3.4 X-ray structure determinations

Single-crystal X-ray diffraction measurements were performed on a Bruker Apex II CCD diffractometer at ambient temperature with MoK_α radiation (λ = 0.71073 Å). In each case, a semiempirical absorption correction was applied using sadabs [35], and the program saint was used for integration of the diffraction profiles [36]. The structures were solved by direct methods using the shelxs program of the shelxtl package and refined anisotropically for all non-hydrogen atoms by full-matrix least squares on F² with shelxl [37–40]. Carbon-bound hydrogen atoms were placed in geometrically calculated positions using a riding model.

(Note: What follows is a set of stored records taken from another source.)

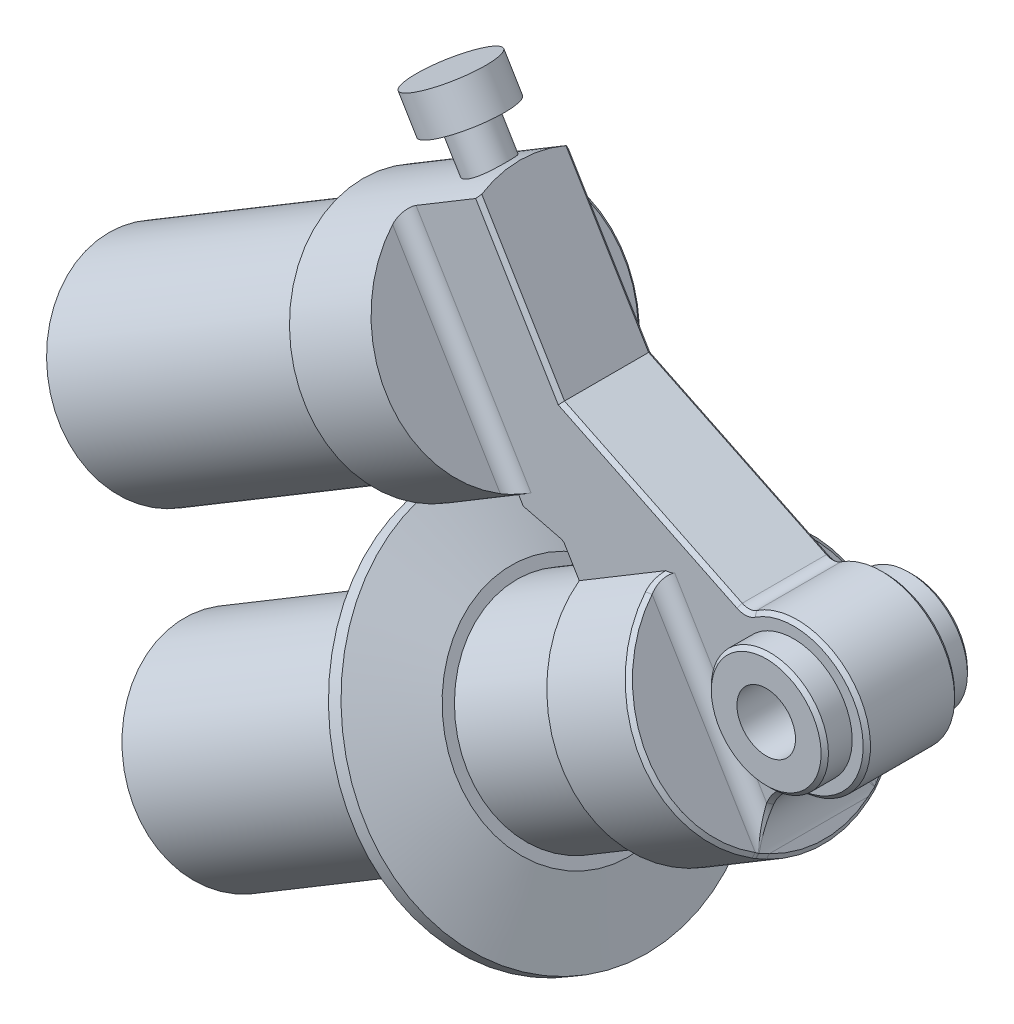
ISO-10303-21;
HEADER;
FILE_DESCRIPTION(('STEP AP214'),'2;1');
FILE_NAME('part.step','',(''),(''),'','','');
FILE_SCHEMA(('AUTOMOTIVE_DESIGN { 1 0 10303 214 1 1 1 1 }'));
ENDSEC;
DATA;
#1=APPLICATION_CONTEXT('core data for automotive mechanical design processes');
#2=APPLICATION_PROTOCOL_DEFINITION('international standard','automotive_design',2000,#1);
#3=PRODUCT_CONTEXT('',#1,'mechanical');
#4=PRODUCT('Part','Part','',(#3));
#5=PRODUCT_RELATED_PRODUCT_CATEGORY('part','',(#4));
#6=PRODUCT_DEFINITION_FORMATION('','',#4);
#7=PRODUCT_DEFINITION_CONTEXT('part definition',#1,'design');
#8=PRODUCT_DEFINITION('design','',#6,#7);
#9=PRODUCT_DEFINITION_SHAPE('','',#8);
#10=(LENGTH_UNIT() NAMED_UNIT(*) SI_UNIT(.MILLI.,.METRE.));
#11=(NAMED_UNIT(*) PLANE_ANGLE_UNIT() SI_UNIT($,.RADIAN.));
#12=(NAMED_UNIT(*) SI_UNIT($,.STERADIAN.) SOLID_ANGLE_UNIT());
#13=UNCERTAINTY_MEASURE_WITH_UNIT(LENGTH_MEASURE(1.E-05),#10,'distance_accuracy_value','');
#14=(GEOMETRIC_REPRESENTATION_CONTEXT(3) GLOBAL_UNCERTAINTY_ASSIGNED_CONTEXT((#13)) GLOBAL_UNIT_ASSIGNED_CONTEXT((#10,
#11,#12)) REPRESENTATION_CONTEXT('',''));
#15=CARTESIAN_POINT('',(0.,0.,0.));
#16=DIRECTION('',(0.,0.,1.));
#17=DIRECTION('',(1.,0.,0.));
#18=AXIS2_PLACEMENT_3D('',#15,#16,#17);
#19=CARTESIAN_POINT('',(4.69500736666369,258.373430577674,0.));
#20=DIRECTION('',(0.857318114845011,0.514786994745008,0.));
#21=DIRECTION('',(-0.514786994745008,0.857318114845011,0.));
#22=AXIS2_PLACEMENT_3D('',#19,#20,#21);
#23=CYLINDRICAL_SURFACE('',#22,13.9999999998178);
#24=CARTESIAN_POINT('',(57.8487304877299,290.29022425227,0.));
#25=DIRECTION('',(-0.857318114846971,-0.514786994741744,0.));
#26=DIRECTION('',(0.514786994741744,-0.857318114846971,0.));
#27=AXIS2_PLACEMENT_3D('',#24,#25,#26);
#28=CIRCLE('',#27,13.9999999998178);
#29=CARTESIAN_POINT('',(65.0557484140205,278.287770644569,0.));
#30=VERTEX_POINT('',#29);
#31=EDGE_CURVE('E36',#30,#30,#28,.T.);
#32=ORIENTED_EDGE('',*,*,#31,.T.);
#33=EDGE_LOOP('',(#32));
#34=FACE_BOUND('',#33,.T.);
#35=CARTESIAN_POINT('',(16.697460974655,265.580448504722,0.));
#36=DIRECTION('',(-0.857318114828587,-0.51478699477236,0.));
#37=DIRECTION('',(0.51478699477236,-0.857318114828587,0.));
#38=AXIS2_PLACEMENT_3D('',#35,#36,#37);
#39=CIRCLE('',#38,13.9999999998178);
#40=CARTESIAN_POINT('',(23.9044789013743,253.577994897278,0.));
#41=VERTEX_POINT('',#40);
#42=EDGE_CURVE('E1056',#41,#41,#39,.T.);
#43=ORIENTED_EDGE('',*,*,#42,.F.);
#44=EDGE_LOOP('',(#43));
#45=FACE_BOUND('',#44,.T.);
#46=ADVANCED_FACE('F32',(#34,#45),#23,.T.);
#47=CARTESIAN_POINT('',(77.5670471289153,302.130325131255,0.));
#48=DIRECTION('',(0.857318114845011,0.514786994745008,0.));
#49=DIRECTION('',(-0.514786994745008,0.857318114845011,0.));
#50=AXIS2_PLACEMENT_3D('',#47,#48,#49);
#51=CIRCLE('',#50,13.9999999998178);
#52=CARTESIAN_POINT('',(70.360029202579,314.132778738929,0.));
#53=VERTEX_POINT('',#52);
#54=EDGE_CURVE('E627',#53,#53,#51,.T.);
#55=ORIENTED_EDGE('',*,*,#54,.F.);
#56=EDGE_LOOP('',(#55));
#57=FACE_BOUND('',#56,.T.);
#58=CARTESIAN_POINT('',(62.1353210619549,292.864159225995,0.));
#59=DIRECTION('',(-0.857318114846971,-0.514786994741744,0.));
#60=DIRECTION('',(0.514786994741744,-0.857318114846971,0.));
#61=AXIS2_PLACEMENT_3D('',#58,#59,#60);
#62=CIRCLE('',#61,13.9999999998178);
#63=CARTESIAN_POINT('',(69.3423389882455,280.861705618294,0.));
#64=VERTEX_POINT('',#63);
#65=EDGE_CURVE('E11',#64,#64,#62,.T.);
#66=ORIENTED_EDGE('',*,*,#65,.F.);
#67=EDGE_LOOP('',(#66));
#68=FACE_BOUND('',#67,.T.);
#69=ADVANCED_FACE('F1045',(#57,#68),#23,.T.);
#70=CARTESIAN_POINT('',(99.,315.,-10.));
#71=DIRECTION('',(0.,0.,1.));
#72=DIRECTION('',(1.,0.,0.));
#73=AXIS2_PLACEMENT_3D('',#70,#71,#72);
#74=CYLINDRICAL_SURFACE('',#73,3.9999999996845);
#75=CARTESIAN_POINT('',(99.,315.,-10.));
#76=DIRECTION('',(0.,0.,1.));
#77=DIRECTION('',(1.,0.,0.));
#78=AXIS2_PLACEMENT_3D('',#75,#76,#77);
#79=CIRCLE('',#78,3.9999999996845);
#80=CARTESIAN_POINT('',(102.999999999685,315.,-10.));
#81=VERTEX_POINT('',#80);
#82=EDGE_CURVE('E1068',#81,#81,#79,.T.);
#83=ORIENTED_EDGE('',*,*,#82,.F.);
#84=EDGE_LOOP('',(#83));
#85=FACE_BOUND('',#84,.T.);
#86=CARTESIAN_POINT('',(99.,315.,10.));
#87=DIRECTION('',(0.,0.,1.));
#88=DIRECTION('',(1.,0.,0.));
#89=AXIS2_PLACEMENT_3D('',#86,#87,#88);
#90=CIRCLE('',#89,3.9999999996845);
#91=CARTESIAN_POINT('',(102.999999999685,315.,10.));
#92=VERTEX_POINT('',#91);
#93=EDGE_CURVE('E959',#92,#92,#90,.F.);
#94=ORIENTED_EDGE('',*,*,#93,.F.);
#95=EDGE_LOOP('',(#94));
#96=FACE_BOUND('',#95,.T.);
#97=ADVANCED_FACE('F943',(#85,#96),#74,.F.);
#98=CARTESIAN_POINT('',(95.931144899,296.895727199,-7.884231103));
#99=DIRECTION('',(0.894506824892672,-0.171081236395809,-0.413023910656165));
#100=DIRECTION('',(-0.187852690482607,-0.982197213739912,0.));
#101=AXIS2_PLACEMENT_3D('',#98,#99,#100);
#102=PLANE('',#101);
#103=CARTESIAN_POINT('',(95.899339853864,296.90431931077,-7.95660752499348));
#104=CARTESIAN_POINT('',(95.8973387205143,296.898043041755,-7.9583425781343));
#105=CARTESIAN_POINT('',(95.6972254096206,296.270416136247,-8.13184785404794));
#106=CARTESIAN_POINT('',(95.6952042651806,296.264077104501,-8.13360025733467));
#107=B_SPLINE_CURVE_WITH_KNOTS('',1,(#103,#104,#105,#106),.UNSPECIFIED.,.F.,.F.,(2,1,1,2),
(-0.0101,-9.9999999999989E-05,0.9999,1.01),.UNSPECIFIED.);
#108=CARTESIAN_POINT('',(95.8973384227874,296.898087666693,-7.95836662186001));
#109=VERTEX_POINT('',#108);
#110=CARTESIAN_POINT('',(95.6971648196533,296.270477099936,-8.13199519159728));
#111=VERTEX_POINT('',#110);
#112=EDGE_CURVE('E740',#109,#111,#107,.T.);
#113=ORIENTED_EDGE('',*,*,#112,.F.);
#114=CARTESIAN_POINT('',(95.92371750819,296.860449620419,-7.88570443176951));
#115=CARTESIAN_POINT('',(95.9193249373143,296.86672284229,-7.89781611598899));
#116=CARTESIAN_POINT('',(95.9149323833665,296.872996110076,-7.90992778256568));
#117=CARTESIAN_POINT('',(95.9061473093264,296.885542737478,-7.93415108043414));
#118=CARTESIAN_POINT('',(95.9017547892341,296.891816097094,-7.94626271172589));
#119=CARTESIAN_POINT('',(95.8973622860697,296.898089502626,-7.95837432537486));
#120=B_SPLINE_CURVE_WITH_KNOTS('',3,(#114,#115,#116,#117,#118,#119),.UNSPECIFIED.,.F.,.F.,(4,2,
4),(0.,0.0429891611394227,0.0859783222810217),.UNSPECIFIED.);
#121=CARTESIAN_POINT('',(95.9237019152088,296.860390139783,-7.88572958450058));
#122=VERTEX_POINT('',#121);
#123=EDGE_CURVE('E744',#122,#109,#120,.T.);
#124=ORIENTED_EDGE('',*,*,#123,.F.);
#125=CARTESIAN_POINT('',(95.6971123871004,296.270553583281,-8.13213007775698));
#126=CARTESIAN_POINT('',(95.7071725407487,296.296743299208,-8.12119050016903));
#127=CARTESIAN_POINT('',(95.7172327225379,296.322932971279,-8.11025084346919));
#128=CARTESIAN_POINT('',(95.7373531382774,296.375312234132,-8.08837138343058));
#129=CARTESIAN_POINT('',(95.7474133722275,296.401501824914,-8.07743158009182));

Oxygen-bound hydrogen atoms were firstly localized by difference Fourier maps and then fixed geometrically with isotropic displacement parameters. Crystallographic data and structural refinement parameters are summarized in Table 2, and selected bond lengths and angles are listed in Table 3.

CCDC 1025077, 1025078, and 1025079 contain the supplementary crystallographic data for complexes 1–3, respectively. These data can be obtained free of charge from the Cambridge Crystallographic Data Centre viawww.ccdc.cam.ac.uk/data_request/cif.